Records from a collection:
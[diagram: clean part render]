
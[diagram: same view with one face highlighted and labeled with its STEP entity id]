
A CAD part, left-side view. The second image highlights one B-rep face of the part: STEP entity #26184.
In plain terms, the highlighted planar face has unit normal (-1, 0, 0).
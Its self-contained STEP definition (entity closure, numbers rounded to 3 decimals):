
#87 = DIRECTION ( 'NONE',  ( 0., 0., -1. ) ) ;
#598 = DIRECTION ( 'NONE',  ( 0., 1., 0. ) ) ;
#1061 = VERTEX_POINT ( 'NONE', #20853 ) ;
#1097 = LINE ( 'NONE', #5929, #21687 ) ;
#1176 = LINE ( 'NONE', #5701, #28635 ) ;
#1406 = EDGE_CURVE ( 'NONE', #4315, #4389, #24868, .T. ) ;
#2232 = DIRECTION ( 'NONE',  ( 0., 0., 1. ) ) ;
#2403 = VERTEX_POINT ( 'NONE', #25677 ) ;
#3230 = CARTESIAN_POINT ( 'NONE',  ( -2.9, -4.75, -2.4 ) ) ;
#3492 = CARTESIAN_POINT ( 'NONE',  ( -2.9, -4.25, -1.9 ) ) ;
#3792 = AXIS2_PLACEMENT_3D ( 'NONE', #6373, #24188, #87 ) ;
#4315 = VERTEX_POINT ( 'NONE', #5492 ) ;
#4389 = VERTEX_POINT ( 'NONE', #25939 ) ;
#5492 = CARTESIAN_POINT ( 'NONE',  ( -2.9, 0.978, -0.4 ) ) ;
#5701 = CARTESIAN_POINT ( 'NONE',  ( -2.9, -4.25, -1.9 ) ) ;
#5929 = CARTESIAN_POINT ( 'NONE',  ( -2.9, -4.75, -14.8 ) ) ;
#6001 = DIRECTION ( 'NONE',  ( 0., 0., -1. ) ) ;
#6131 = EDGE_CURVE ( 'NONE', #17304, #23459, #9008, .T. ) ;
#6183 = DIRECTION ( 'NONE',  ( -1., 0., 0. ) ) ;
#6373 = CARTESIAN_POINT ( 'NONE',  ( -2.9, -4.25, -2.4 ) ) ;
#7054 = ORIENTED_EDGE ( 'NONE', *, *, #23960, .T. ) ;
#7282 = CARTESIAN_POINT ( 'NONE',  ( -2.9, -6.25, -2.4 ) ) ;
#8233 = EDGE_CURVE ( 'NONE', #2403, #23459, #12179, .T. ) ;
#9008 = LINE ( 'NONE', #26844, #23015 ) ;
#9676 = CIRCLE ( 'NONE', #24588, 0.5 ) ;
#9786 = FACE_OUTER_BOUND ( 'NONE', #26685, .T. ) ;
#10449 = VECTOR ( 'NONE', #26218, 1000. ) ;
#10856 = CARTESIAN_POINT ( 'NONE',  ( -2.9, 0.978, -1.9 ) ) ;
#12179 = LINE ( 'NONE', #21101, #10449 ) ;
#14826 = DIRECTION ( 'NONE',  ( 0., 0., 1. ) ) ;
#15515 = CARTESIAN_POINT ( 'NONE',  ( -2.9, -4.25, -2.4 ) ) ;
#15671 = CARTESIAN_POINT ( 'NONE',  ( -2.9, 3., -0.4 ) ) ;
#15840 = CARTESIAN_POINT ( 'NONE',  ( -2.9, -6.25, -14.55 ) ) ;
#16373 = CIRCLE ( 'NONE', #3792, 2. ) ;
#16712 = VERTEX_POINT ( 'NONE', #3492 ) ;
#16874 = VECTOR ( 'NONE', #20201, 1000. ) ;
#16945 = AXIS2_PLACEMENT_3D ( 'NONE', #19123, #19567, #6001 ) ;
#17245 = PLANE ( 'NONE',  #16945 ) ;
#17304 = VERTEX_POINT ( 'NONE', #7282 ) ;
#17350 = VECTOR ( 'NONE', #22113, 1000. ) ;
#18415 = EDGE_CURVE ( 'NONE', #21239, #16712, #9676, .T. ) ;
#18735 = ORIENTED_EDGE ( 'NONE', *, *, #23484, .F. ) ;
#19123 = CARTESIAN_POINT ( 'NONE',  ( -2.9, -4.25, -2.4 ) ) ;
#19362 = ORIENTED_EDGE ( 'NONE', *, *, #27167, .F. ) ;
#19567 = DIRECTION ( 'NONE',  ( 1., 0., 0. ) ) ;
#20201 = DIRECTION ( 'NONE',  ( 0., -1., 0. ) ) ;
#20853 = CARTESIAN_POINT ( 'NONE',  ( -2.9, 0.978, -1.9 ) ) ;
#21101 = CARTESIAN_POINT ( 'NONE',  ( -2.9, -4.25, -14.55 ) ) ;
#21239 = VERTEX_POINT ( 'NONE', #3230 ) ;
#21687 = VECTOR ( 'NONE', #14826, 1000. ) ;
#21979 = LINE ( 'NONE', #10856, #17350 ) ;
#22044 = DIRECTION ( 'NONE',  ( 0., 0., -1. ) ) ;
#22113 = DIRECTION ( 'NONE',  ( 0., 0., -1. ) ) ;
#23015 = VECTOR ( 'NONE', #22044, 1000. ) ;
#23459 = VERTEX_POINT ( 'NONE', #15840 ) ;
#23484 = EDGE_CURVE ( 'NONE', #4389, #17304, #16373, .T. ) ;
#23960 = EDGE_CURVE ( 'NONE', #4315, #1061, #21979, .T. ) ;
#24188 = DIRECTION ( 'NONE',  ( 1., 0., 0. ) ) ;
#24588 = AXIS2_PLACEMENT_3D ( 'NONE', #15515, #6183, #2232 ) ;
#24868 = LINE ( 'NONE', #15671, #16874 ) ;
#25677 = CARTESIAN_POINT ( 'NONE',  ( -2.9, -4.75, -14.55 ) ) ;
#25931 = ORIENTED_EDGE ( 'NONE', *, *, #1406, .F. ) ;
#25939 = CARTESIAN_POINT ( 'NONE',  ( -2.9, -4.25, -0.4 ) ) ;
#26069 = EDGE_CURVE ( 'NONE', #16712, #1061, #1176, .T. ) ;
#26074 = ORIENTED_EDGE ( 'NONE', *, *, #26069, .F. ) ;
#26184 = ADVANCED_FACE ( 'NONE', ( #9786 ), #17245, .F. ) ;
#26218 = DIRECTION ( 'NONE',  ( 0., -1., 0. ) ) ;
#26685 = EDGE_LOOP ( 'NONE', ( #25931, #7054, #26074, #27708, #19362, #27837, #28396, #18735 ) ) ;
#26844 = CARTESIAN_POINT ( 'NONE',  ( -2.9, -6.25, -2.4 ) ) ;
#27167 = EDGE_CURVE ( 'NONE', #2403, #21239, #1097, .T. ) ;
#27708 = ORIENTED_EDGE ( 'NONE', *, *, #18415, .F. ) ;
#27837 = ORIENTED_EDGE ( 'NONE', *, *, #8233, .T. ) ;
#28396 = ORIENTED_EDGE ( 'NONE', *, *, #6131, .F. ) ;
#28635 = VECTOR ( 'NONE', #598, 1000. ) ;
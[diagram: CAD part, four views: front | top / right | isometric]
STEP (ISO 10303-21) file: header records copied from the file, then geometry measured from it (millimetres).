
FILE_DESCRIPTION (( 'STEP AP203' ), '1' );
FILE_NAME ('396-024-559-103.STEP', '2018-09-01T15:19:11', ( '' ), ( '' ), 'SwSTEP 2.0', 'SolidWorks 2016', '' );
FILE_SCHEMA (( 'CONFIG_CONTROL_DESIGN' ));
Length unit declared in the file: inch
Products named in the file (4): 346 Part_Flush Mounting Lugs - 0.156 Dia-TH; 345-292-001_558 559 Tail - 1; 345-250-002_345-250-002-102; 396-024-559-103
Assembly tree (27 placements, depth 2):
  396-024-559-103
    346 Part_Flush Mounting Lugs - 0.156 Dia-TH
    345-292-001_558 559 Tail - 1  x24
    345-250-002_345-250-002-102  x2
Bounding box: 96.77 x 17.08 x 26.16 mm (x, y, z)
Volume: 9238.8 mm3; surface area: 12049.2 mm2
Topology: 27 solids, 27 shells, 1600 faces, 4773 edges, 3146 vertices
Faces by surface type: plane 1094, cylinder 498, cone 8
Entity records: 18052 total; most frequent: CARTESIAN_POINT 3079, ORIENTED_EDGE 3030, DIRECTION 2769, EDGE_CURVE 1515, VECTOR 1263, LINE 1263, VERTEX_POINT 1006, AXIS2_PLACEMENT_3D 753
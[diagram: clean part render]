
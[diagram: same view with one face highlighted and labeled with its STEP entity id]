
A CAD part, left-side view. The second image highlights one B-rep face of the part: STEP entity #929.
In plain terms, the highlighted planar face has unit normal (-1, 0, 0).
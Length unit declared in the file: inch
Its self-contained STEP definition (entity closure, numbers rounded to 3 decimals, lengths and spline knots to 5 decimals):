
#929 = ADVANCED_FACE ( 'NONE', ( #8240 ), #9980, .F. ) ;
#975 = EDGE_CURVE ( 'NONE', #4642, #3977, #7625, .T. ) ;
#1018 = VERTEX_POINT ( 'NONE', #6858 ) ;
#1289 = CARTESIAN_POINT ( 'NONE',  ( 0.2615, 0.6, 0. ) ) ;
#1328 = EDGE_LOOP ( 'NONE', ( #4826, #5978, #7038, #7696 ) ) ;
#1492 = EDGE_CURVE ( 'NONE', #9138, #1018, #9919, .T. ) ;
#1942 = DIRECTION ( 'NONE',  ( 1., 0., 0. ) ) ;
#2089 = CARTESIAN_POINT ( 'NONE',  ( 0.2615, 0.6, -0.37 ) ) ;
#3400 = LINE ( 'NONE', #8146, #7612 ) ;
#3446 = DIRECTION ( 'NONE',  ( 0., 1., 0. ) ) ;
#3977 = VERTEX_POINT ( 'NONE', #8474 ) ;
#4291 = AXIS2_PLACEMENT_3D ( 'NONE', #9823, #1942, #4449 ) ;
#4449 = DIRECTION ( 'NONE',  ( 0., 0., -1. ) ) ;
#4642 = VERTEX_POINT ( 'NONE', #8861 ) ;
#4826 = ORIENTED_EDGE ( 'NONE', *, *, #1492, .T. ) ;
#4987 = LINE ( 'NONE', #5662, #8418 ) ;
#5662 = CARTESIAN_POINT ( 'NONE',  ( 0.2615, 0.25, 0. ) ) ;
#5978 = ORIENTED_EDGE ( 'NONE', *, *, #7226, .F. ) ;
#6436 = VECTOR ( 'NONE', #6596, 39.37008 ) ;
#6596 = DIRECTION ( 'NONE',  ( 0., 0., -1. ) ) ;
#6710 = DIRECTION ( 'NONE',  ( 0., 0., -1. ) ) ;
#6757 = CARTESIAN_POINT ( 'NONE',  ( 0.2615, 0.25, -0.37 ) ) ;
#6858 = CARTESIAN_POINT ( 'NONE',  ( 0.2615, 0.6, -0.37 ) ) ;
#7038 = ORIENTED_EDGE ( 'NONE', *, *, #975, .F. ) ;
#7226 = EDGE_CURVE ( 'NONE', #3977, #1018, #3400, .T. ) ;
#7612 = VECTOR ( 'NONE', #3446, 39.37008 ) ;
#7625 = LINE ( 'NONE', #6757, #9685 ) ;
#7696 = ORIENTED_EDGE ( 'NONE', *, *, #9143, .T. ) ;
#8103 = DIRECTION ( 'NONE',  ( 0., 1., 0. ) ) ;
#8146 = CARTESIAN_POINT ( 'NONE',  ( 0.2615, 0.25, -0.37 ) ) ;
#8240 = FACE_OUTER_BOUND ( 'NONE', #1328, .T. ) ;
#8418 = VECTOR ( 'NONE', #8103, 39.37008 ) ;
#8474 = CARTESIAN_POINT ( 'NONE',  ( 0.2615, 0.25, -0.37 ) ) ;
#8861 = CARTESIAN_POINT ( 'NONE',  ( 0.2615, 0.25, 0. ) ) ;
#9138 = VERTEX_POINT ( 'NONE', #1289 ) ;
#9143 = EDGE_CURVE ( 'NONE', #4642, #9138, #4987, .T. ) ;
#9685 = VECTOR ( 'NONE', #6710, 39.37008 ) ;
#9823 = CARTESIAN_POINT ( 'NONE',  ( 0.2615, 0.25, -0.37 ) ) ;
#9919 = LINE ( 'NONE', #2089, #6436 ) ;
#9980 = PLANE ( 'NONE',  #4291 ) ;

**About this task**
Give back, word for word, only the lines above from the line holding "#16373 = CIRCLE ( 'NONE', #3792, 2. ) ;" to the line holding "#26218 = DIRECTION", both included.

**Answer box**
#16373 = CIRCLE ( 'NONE', #3792, 2. ) ;
#16712 = VERTEX_POINT ( 'NONE', #3492 ) ;
#16874 = VECTOR ( 'NONE', #20201, 1000. ) ;
#16945 = AXIS2_PLACEMENT_3D ( 'NONE', #19123, #19567, #6001 ) ;
#17245 = PLANE ( 'NONE',  #16945 ) ;
#17304 = VERTEX_POINT ( 'NONE', #7282 ) ;
#17350 = VECTOR ( 'NONE', #22113, 1000. ) ;
#18415 = EDGE_CURVE ( 'NONE', #21239, #16712, #9676, .T. ) ;
#18735 = ORIENTED_EDGE ( 'NONE', *, *, #23484, .F. ) ;
#19123 = CARTESIAN_POINT ( 'NONE',  ( -2.9, -4.25, -2.4 ) ) ;
#19362 = ORIENTED_EDGE ( 'NONE', *, *, #27167, .F. ) ;
#19567 = DIRECTION ( 'NONE',  ( 1., 0., 0. ) ) ;
#20201 = DIRECTION ( 'NONE',  ( 0., -1., 0. ) ) ;
#20853 = CARTESIAN_POINT ( 'NONE',  ( -2.9, 0.978, -1.9 ) ) ;
#21101 = CARTESIAN_POINT ( 'NONE',  ( -2.9, -4.25, -14.55 ) ) ;
#21239 = VERTEX_POINT ( 'NONE', #3230 ) ;
#21687 = VECTOR ( 'NONE', #14826, 1000. ) ;
#21979 = LINE ( 'NONE', #10856, #17350 ) ;
#22044 = DIRECTION ( 'NONE',  ( 0., 0., -1. ) ) ;
#22113 = DIRECTION ( 'NONE',  ( 0., 0., -1. ) ) ;
#23015 = VECTOR ( 'NONE', #22044, 1000. ) ;
#23459 = VERTEX_POINT ( 'NONE', #15840 ) ;
#23484 = EDGE_CURVE ( 'NONE', #4389, #17304, #16373, .T. ) ;
#23960 = EDGE_CURVE ( 'NONE', #4315, #1061, #21979, .T. ) ;
#24188 = DIRECTION ( 'NONE',  ( 1., 0., 0. ) ) ;
#24588 = AXIS2_PLACEMENT_3D ( 'NONE', #15515, #6183, #2232 ) ;
#24868 = LINE ( 'NONE', #15671, #16874 ) ;
#25677 = CARTESIAN_POINT ( 'NONE',  ( -2.9, -4.75, -14.55 ) ) ;
#25931 = ORIENTED_EDGE ( 'NONE', *, *, #1406, .F. ) ;
#25939 = CARTESIAN_POINT ( 'NONE',  ( -2.9, -4.25, -0.4 ) ) ;
#26069 = EDGE_CURVE ( 'NONE', #16712, #1061, #1176, .T. ) ;
#26074 = ORIENTED_EDGE ( 'NONE', *, *, #26069, .F. ) ;
#26184 = ADVANCED_FACE ( 'NONE', ( #9786 ), #17245, .F. ) ;
#26218 = DIRECTION ( 'NONE',  ( 0., -1., 0. ) ) ;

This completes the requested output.